The Peter Kay revelation emerged as he recalled compéring comedy shows during his younger years, in his 2010 memoir ‘Saturday Night Peter’.

He credited influences on his career as Jasper Carrott, Billy Connolly and all-time favourite Ronnie Barker – who he struck up an unusual friendship with. 

Along with a handful of others, he believes they helped shape the unique style and sense of humour he is known for today.

The star also explained how variety acts he watched during childhood holidays to Blackpool, which were “built around comedians”, had a bearing on him too.

He wrote: “When I compèred I always felt obliged to end the night with a song, it just gave the show closure.

“Nine out of ten times it would be ‘(Is This The Way To) Amarillo’… I didn’t even have any backing…”

Another gimmick Peter employed was the use of props and costumes to shock his audience. 

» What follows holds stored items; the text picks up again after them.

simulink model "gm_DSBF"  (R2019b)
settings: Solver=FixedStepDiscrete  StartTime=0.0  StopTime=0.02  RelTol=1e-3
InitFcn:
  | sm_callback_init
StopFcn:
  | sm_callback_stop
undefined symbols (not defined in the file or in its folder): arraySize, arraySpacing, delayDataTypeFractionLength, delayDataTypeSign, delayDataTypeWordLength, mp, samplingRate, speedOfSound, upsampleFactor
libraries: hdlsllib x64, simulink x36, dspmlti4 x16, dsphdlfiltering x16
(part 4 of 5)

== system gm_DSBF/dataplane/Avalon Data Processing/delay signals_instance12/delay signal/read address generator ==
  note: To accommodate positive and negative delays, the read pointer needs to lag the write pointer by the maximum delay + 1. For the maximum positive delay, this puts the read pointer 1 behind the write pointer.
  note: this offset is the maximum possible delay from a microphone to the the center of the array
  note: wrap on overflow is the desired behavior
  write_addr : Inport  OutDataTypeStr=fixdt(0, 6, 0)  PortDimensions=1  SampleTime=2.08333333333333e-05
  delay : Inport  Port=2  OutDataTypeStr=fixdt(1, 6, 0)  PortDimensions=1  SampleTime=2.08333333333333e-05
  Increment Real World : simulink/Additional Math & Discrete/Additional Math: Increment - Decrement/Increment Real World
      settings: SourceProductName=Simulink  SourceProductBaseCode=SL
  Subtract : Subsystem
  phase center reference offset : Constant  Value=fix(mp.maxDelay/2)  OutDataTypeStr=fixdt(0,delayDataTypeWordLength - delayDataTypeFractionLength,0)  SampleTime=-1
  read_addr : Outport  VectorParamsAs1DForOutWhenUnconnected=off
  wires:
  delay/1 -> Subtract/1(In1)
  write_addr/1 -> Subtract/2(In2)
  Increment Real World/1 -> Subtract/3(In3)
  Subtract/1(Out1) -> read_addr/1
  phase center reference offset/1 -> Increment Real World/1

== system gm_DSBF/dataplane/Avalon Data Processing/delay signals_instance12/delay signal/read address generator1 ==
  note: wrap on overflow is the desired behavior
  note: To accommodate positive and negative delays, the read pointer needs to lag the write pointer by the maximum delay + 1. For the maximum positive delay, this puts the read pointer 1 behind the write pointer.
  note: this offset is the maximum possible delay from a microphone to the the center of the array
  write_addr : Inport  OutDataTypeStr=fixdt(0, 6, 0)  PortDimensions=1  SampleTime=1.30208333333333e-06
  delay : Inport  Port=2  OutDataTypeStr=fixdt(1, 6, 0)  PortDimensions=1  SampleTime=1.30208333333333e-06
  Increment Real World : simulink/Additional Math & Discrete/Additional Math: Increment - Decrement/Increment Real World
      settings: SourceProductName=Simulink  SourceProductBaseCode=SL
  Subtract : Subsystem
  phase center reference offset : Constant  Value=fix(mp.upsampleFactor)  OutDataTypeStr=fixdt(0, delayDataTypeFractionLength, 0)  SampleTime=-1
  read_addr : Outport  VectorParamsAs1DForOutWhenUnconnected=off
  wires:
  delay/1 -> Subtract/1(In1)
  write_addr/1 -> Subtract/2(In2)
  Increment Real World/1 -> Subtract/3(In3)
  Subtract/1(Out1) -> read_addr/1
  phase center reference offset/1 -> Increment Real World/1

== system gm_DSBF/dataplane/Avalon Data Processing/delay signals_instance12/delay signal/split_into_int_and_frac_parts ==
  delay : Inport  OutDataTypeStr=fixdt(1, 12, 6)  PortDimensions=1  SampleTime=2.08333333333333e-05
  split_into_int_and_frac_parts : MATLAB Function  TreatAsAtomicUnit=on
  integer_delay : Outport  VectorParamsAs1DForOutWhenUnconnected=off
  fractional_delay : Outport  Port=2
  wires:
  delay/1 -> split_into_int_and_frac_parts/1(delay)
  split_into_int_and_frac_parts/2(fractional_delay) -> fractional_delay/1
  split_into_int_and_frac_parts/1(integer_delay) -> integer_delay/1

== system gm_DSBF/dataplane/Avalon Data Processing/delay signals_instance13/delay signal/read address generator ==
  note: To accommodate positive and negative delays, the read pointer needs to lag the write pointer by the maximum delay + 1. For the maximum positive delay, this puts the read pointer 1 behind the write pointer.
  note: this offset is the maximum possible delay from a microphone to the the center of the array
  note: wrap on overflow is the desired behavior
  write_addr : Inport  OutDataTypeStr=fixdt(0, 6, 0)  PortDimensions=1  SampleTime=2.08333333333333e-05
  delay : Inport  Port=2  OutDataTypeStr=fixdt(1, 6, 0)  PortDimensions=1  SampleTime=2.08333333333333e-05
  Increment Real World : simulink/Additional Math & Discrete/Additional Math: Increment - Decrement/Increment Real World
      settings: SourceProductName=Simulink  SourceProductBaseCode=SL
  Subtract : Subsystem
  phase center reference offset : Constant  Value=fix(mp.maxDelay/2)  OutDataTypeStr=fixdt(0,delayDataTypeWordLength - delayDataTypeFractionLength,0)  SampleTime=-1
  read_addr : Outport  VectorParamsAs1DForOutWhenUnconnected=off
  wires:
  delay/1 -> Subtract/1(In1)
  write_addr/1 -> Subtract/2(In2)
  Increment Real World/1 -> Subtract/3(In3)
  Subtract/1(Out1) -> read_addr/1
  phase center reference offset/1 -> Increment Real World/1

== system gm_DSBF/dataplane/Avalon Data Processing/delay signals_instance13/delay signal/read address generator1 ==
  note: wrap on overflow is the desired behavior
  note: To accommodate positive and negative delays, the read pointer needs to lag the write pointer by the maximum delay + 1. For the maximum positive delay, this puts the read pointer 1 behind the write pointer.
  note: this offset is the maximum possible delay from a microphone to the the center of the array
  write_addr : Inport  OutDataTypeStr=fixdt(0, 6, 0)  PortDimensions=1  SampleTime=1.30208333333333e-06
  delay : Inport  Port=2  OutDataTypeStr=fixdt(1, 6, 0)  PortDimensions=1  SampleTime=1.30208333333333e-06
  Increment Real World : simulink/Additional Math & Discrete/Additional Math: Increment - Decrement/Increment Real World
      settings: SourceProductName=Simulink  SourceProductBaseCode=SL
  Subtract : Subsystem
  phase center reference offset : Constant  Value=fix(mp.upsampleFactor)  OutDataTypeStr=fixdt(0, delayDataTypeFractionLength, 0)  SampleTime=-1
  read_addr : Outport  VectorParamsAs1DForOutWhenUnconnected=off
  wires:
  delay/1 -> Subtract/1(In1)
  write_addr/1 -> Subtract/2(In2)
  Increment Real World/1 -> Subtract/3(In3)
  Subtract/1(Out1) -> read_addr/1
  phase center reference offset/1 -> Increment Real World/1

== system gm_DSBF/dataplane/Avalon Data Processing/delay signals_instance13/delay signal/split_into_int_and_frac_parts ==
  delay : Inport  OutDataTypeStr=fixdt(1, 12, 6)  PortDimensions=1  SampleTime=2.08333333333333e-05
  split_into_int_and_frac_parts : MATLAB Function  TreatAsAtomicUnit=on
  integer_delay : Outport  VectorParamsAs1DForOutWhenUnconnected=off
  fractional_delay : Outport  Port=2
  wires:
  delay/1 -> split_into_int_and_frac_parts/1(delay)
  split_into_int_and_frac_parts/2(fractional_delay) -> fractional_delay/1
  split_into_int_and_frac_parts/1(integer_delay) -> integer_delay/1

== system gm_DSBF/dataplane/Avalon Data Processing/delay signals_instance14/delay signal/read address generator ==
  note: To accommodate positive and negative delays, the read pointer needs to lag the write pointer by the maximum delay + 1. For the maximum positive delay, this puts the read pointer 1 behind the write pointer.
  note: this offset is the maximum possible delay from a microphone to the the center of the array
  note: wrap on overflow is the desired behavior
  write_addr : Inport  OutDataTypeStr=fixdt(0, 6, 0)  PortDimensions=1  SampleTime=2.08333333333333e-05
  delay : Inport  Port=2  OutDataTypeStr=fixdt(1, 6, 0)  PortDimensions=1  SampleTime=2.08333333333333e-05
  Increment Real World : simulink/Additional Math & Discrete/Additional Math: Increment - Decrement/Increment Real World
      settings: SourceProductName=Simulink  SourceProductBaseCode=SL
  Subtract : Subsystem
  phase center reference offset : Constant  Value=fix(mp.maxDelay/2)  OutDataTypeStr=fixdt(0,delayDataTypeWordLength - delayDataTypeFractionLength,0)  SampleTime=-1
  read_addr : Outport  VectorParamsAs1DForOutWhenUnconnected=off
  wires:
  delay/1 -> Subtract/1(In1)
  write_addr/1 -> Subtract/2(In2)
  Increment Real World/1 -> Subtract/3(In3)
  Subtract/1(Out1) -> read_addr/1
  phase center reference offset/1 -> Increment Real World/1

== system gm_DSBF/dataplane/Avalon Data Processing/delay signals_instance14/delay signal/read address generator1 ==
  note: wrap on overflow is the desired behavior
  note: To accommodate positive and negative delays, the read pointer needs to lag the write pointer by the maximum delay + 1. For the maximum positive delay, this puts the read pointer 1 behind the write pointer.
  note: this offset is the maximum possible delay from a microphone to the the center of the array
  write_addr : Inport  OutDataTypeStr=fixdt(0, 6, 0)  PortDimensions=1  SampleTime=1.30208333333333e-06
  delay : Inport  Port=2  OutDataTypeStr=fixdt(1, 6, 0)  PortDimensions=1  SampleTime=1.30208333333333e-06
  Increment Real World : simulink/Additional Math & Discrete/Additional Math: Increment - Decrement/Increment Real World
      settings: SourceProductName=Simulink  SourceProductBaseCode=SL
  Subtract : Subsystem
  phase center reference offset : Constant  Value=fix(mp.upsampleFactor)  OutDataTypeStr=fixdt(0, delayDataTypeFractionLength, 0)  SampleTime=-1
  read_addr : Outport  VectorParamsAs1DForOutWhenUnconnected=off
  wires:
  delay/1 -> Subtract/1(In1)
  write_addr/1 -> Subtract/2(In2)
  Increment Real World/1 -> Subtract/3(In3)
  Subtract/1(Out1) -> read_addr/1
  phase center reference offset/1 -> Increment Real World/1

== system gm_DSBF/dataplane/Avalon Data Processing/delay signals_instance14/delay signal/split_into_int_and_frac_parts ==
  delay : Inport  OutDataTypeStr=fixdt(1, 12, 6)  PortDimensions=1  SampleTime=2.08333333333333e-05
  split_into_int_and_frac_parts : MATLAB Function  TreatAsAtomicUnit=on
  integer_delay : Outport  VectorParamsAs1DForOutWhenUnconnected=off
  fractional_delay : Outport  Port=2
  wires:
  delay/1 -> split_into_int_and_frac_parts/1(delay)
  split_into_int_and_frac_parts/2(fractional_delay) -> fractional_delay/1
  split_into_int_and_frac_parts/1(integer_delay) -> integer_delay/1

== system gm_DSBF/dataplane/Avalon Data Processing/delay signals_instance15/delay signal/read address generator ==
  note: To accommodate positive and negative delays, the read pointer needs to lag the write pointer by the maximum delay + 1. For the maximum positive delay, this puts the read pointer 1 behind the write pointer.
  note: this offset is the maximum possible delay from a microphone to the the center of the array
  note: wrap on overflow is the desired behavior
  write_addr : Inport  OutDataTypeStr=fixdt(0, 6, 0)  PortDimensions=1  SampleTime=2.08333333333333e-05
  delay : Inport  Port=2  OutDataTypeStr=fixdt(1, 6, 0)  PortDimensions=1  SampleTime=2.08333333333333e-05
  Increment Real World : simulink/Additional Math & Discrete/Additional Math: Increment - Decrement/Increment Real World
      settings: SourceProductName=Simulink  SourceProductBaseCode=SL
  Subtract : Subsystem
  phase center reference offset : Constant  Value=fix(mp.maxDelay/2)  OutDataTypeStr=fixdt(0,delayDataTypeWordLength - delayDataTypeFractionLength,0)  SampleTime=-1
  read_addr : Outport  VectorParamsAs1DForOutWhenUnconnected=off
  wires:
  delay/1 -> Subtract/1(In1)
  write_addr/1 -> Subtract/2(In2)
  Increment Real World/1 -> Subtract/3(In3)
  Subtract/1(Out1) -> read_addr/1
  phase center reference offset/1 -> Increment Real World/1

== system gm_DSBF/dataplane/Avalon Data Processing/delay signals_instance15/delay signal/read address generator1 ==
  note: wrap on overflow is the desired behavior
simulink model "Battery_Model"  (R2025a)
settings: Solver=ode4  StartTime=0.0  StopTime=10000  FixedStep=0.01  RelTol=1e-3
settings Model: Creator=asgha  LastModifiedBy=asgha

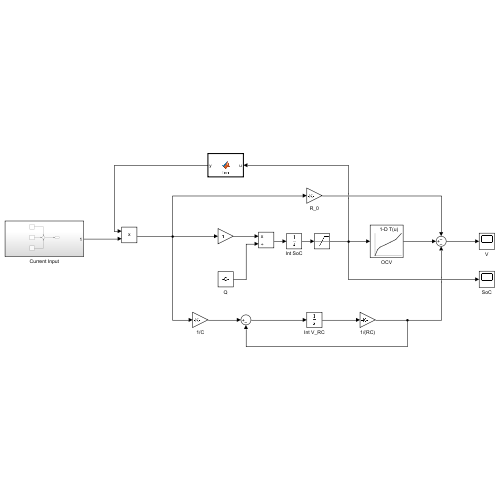
[thumbnail: Simulink's stored preview of the top-level diagram]
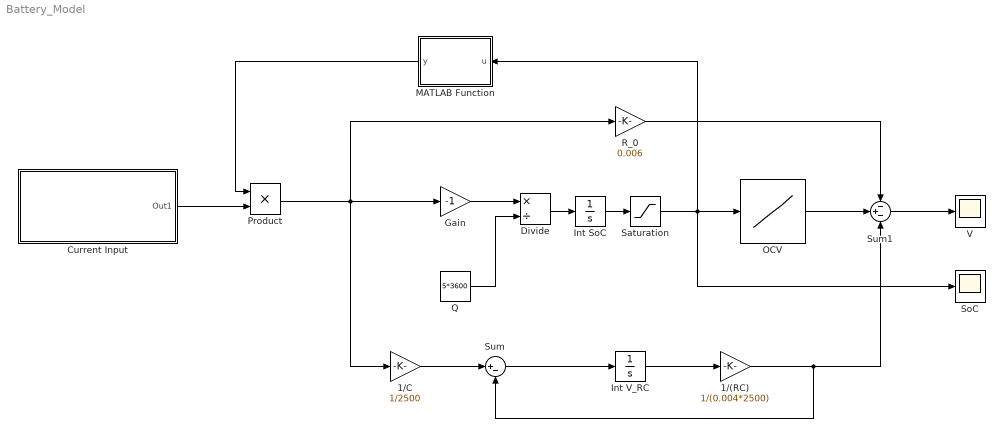
== system Battery_Model ==
  1/(RC) : Gain  Gain=1/(0.004*2500)
  1/C : Gain  Gain=1/2500
  Current Input : Subsystem
  Divide : Product  Inputs=*/
  Gain : Gain  Gain=-1
  Int SoC : Integrator  InitialCondition=1
  Int V_RC : Integrator
  MATLAB Function : MATLAB Function  TreatAsAtomicUnit=on
  OCV : Lookup_n-D  NumberOfTableDimensions=1  BreakpointsForDimension1=[0.0 0.1 0.2 0.4 0.6 0.8 1.0]  Table=[3.30 3.55 3.65 3.75 3.85 3.95 4.20]*4  InternalRulePriority=Speed  RndMeth=Simplest
  Product : Product
  Q : Constant  Value=5*3600
  R_0 : Gain  Gain=0.006
  Saturation : Saturate  UpperLimit=1  LowerLimit=0
  SoC : Scope
      settings: ActiveDisplayYMinimum=-0.068750464897329611  ActiveDisplayYMaximum=1.1187500516552589
  Sum : Sum  Inputs=|+-
  Sum1 : Sum  Inputs=-+-
  V : Scope
      settings: ActiveDisplayYMinimum=13.287860839014217  ActiveDisplayYMaximum=17.170237684553978
  wires:
  Product/1 -> R_0/1, 1/C/1, Gain/1
  Gain/1 -> Divide/1
  Q/1 -> Divide/2
  Divide/1 -> Int SoC/1
  Saturation/1 -> MATLAB Function/1(u), SoC/1, OCV/1
  Sum/1 -> Int V_RC/1
  Int V_RC/1 -> 1/(RC)/1
  1/(RC)/1 -> Sum1/3, Sum/2
  1/C/1 -> Sum/1
  OCV/1 -> Sum1/2
  R_0/1 -> Sum1/1
  Sum1/1 -> V/1
  Int SoC/1 -> Saturation/1
  Current Input/1(Out1) -> Product/2
  MATLAB Function/1(y) -> Product/1

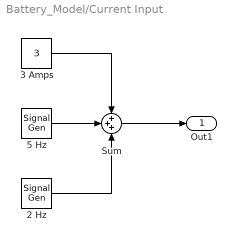
== system Battery_Model/Current Input ==
  2 Hz : SignalGenerator  Amplitude=0.5  Frequency=0.02  Units=rad/sec
  3 Amps : Constant  Value=3
  5 Hz : SignalGenerator  Frequency=0.01  Units=rad/sec
  Sum : Sum  Inputs=+++
  Out1 : Outport
  wires:
  2 Hz/1 -> Sum/3
  5 Hz/1 -> Sum/2
  3 Amps/1 -> Sum/1
  Sum/1 -> Out1/1

== matlab function Battery_Model/MATLAB Function ==
  data: u input; y output
function y = fcn(u)

if u < 0.05
    y = 0;
else
    y = 1;
end

He added: “I’d compère the first two halves of the show in my normal stage attire, then get changed into my lion costume during the interval.

“I’d go back on dressed as a lion with a fag in my mouth, do a bit of material, introduce the next act and leave. Never referring to my costume once.

“Then I’d go straight back up to the dressing room and take the whole lot off as quick as I could, ready to go back on. It got laughs and I really enjoyed the surrealness of it all.”

However, one aspiring comedian – who would go on to become a popular television talk show host – was less than amused.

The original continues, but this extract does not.